Marketers love tool debates. I’ve been sitting in these rooms for years, building businesses and advising brands. The truth is simple: if a tool makes more money than it costs, use it. If not, continue. No ego. No theater. Just math.
The opinion I express here is direct: ROI should decide your stack. No hype, no “must-see” lists, no what your peers post. The right decision is to test, measure and scale what pays. This mindset allows you to act faster and win more often.
The fundamental rule by which I live
When my team and I research new tools or channels, we start with a cold question: Will it make more money than it costs the customer? If the answer is probably yes, we test. Otherwise, we pass. That’s it.
“Plug in and go…you look at it and it’s just a rational thing. Is this a tool that will make more money than it costs the customer?” —Erik Huberman
That’s what we called SMS marketing early on. The calculation was obvious. It costs pennies to send a text message. Open rates crush email. People who share their number actually care. This combination translates into real revenue gains, not just pretty engagement graphs.

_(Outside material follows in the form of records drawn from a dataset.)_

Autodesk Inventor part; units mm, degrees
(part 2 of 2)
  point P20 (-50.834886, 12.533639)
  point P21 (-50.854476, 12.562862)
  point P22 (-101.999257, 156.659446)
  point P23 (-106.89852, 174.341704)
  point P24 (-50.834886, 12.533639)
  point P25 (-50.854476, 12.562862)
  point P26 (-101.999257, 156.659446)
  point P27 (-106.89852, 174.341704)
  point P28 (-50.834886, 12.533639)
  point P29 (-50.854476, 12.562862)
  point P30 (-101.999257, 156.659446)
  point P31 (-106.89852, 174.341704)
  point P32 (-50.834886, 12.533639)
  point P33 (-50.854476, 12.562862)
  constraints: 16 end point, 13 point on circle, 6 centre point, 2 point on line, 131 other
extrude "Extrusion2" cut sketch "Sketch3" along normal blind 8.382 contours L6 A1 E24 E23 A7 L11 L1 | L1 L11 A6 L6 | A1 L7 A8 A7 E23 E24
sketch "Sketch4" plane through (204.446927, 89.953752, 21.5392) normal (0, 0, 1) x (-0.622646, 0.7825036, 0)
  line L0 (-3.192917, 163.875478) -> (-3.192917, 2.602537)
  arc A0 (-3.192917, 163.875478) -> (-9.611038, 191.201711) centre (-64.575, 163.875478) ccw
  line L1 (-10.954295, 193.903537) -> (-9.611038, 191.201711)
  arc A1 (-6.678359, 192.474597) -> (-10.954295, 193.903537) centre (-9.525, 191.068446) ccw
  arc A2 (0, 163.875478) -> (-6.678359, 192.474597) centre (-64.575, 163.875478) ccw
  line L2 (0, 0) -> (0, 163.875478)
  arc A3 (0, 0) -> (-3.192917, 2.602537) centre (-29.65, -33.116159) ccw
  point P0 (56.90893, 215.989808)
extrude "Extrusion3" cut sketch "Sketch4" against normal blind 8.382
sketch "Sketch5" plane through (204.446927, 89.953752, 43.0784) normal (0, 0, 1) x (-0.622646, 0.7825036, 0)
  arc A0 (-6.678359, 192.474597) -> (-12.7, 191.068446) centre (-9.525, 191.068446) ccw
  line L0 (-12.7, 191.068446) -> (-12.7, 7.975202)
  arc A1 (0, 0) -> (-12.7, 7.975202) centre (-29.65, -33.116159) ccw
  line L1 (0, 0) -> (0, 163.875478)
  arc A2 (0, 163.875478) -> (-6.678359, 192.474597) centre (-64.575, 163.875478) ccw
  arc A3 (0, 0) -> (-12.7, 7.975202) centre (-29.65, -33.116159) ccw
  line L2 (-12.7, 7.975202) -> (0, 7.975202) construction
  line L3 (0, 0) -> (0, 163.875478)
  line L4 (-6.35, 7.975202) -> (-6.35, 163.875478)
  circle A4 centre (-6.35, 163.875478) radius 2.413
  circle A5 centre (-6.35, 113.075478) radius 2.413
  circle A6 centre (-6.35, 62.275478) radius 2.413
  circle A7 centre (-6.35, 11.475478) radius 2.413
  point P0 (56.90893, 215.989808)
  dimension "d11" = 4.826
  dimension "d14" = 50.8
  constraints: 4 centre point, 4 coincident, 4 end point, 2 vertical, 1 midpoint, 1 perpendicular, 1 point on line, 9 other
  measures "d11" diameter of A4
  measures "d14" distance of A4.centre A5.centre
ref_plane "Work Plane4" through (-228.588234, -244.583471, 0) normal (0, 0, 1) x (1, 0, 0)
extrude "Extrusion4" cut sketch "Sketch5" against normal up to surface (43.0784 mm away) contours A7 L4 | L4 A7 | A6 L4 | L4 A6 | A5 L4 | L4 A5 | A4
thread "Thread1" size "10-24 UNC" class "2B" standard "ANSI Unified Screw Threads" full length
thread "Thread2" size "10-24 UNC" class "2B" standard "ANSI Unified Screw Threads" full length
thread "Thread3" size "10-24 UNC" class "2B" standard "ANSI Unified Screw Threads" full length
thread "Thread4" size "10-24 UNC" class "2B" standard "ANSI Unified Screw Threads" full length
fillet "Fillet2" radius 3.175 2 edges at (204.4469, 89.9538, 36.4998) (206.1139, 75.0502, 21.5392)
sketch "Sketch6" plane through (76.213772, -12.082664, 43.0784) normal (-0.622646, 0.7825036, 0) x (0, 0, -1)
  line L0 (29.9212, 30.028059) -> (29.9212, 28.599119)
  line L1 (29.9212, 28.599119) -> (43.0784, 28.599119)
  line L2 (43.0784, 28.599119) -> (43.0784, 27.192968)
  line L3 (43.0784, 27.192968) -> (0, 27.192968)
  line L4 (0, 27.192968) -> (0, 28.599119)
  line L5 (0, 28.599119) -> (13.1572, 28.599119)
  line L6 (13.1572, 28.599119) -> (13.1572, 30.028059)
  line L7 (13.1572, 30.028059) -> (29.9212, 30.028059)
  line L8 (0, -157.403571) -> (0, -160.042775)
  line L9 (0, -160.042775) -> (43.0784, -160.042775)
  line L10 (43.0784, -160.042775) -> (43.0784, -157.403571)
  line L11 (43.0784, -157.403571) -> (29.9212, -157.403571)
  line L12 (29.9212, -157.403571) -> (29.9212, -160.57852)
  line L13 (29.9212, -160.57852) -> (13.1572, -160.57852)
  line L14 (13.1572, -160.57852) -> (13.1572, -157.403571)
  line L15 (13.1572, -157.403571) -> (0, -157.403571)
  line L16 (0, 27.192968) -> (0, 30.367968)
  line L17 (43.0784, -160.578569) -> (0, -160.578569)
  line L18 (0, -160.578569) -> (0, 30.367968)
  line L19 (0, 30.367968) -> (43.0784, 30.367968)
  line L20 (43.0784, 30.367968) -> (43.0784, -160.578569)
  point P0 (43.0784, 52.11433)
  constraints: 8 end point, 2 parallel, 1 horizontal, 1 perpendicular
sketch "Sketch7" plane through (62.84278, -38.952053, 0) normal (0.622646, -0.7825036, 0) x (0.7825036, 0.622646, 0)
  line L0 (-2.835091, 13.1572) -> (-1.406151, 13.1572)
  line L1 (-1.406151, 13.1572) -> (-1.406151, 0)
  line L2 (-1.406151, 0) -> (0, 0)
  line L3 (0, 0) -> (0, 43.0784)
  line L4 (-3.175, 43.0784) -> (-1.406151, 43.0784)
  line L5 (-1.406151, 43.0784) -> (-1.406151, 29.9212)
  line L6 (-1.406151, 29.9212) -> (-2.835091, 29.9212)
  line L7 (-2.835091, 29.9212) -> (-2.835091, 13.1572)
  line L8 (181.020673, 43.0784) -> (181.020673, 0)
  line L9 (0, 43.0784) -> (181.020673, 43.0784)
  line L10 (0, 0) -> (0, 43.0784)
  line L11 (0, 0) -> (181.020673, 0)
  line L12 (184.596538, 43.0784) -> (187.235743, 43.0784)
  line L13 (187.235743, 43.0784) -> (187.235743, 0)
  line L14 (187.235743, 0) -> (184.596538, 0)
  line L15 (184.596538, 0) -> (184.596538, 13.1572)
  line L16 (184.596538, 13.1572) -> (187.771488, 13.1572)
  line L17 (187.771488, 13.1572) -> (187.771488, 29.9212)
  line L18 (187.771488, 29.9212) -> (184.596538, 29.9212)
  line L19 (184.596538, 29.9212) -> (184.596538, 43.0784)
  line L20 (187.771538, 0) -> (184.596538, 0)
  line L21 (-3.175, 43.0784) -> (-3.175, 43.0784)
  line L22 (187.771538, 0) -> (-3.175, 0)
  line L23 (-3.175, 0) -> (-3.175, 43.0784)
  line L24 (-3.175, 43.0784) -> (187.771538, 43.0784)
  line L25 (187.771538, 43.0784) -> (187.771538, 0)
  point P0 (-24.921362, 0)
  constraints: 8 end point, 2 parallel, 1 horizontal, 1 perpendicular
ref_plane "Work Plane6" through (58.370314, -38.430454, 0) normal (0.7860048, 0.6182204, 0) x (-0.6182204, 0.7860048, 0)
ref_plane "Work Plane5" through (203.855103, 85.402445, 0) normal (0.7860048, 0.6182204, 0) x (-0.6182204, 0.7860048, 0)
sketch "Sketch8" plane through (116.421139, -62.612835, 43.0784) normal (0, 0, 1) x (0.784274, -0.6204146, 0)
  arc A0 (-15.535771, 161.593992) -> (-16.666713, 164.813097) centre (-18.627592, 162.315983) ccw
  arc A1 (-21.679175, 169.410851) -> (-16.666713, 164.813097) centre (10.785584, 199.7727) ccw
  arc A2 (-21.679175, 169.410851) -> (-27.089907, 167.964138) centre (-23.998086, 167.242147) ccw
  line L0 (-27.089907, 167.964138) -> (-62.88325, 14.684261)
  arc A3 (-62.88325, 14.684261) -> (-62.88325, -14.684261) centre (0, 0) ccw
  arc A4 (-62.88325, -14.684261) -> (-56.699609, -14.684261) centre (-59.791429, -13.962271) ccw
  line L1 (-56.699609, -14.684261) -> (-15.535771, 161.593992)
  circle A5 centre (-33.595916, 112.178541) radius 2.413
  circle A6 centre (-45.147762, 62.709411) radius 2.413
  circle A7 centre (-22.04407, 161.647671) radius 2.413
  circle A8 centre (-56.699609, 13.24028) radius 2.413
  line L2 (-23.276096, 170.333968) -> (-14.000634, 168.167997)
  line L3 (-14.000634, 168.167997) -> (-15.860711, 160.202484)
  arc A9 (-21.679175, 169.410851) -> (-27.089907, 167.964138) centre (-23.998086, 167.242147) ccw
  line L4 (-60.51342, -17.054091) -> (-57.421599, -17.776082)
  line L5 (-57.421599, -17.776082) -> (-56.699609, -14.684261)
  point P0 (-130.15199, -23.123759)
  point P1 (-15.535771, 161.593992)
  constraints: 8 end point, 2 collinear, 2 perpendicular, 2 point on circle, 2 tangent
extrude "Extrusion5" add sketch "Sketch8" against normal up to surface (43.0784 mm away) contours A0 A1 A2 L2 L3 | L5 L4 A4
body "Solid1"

“It costs you, you know, pennies to text…we know texting is going to be more effective because if they give you their phone number, they don’t care.” —Erik Huberman
Why texting was an easy yes
We didn’t need a 60-slide deck to see it. The signals were there and the unit economics worked. Compare a text to an email. Emails are cheap, but they are more often ignored. Texts land in a space that people constantly check. Response times are faster. Offers convert at higher rates because the intent is higher.
Run the numbers on a basic use case. Let’s say you have 50,000 registered customers. You send a simple $0.015 promotion via SMS. That’s $750. If the campaign generates even a slight increase in orders, coupled with typical average order values, you get a quick ROI. Then, you overlay the flows: back-in-stock alerts, abandoned cart reminders, VIP drops. Mathematics is composed.
How I rate any new tool
There is a pattern that I repeat with every investment or deployment. This keeps things honest and fast.
- Set a clear revenue goal related to the tool.
- Set a short testing window with a fixed budget.
- Use simple KPIs: conversion rate, AOV, LTV lift, CAC impact.
- Run a clean A/B or holdout if you can.
- Scale only if the return on investment appears quickly.
The goal is not perfection. It’s proof. If the results show positive net returns, you’ve earned the right to scale. Otherwise, kill him without fear.
But what about fatigue and compliance?
Good perspective. Yes, texting can annoy people. Yes, you have to follow the rules. This is no reason to ignore it. It’s a reason to do things right. Use strict frequency limits. Segment by intent and recency. Offer real added value to each message. And always make it easy to unsubscribe.
Managed with respect, SMS becomes a useful ping and not a harmful one. The same idea applies to any tool. The chain is not the problem. Lazy execution is.
The biggest point
This ROI-driven goal isn’t just for SMS. It guides the way I invest and operate at every level. Some bets win; others don’t. But the process is consistent: hypothesis, test, verify, scale. This stops teams from chasing shiny objects and allows money to be focused on what actually moves the needle.
Act now
If you’re stuck on analysis, choose a tool you’ve been debating and do a thorough two-week test. Define success in dollars, not vanity metrics. If the tool is profitable, double down. If it doesn’t, cut it. Repeat. Momentum beats endless meetings.
In short, stop overthinking. Let ROI Decide. Your customers (and your P&L) will thank you.
Frequently Asked Questions
Q: How do you know if a tool is worth testing?
Look for a direct line to income. If you can associate the tool with higher conversion, better retention, or lower CAC, it’s worth running a small, time-limited test.
Q: What KPIs should I track during a pilot?
Track conversion rate, average order value, revenue per send or session, and net profit after costs. If you see a rapid return on investment, you are on the right track.
Q: How can I stop text messages from annoying customers?
Use permission-based lists, maximum frequency, segment by behavior, and send an actual value. Make unsubscriptions simple. Respect gives you long-term gains.
Q: What is a good initial budget for testing?
Keep it small but significant, enough to get statistically useful results. For SMS, a few targeted sends to a defined segment can quickly show clear signals.
Q: How quickly should I expect results?
For direct response tools like SMS, you can see the impact within days. If results drag on for weeks without improvement, take a break and reevaluate the offering, audience, or channel suitability.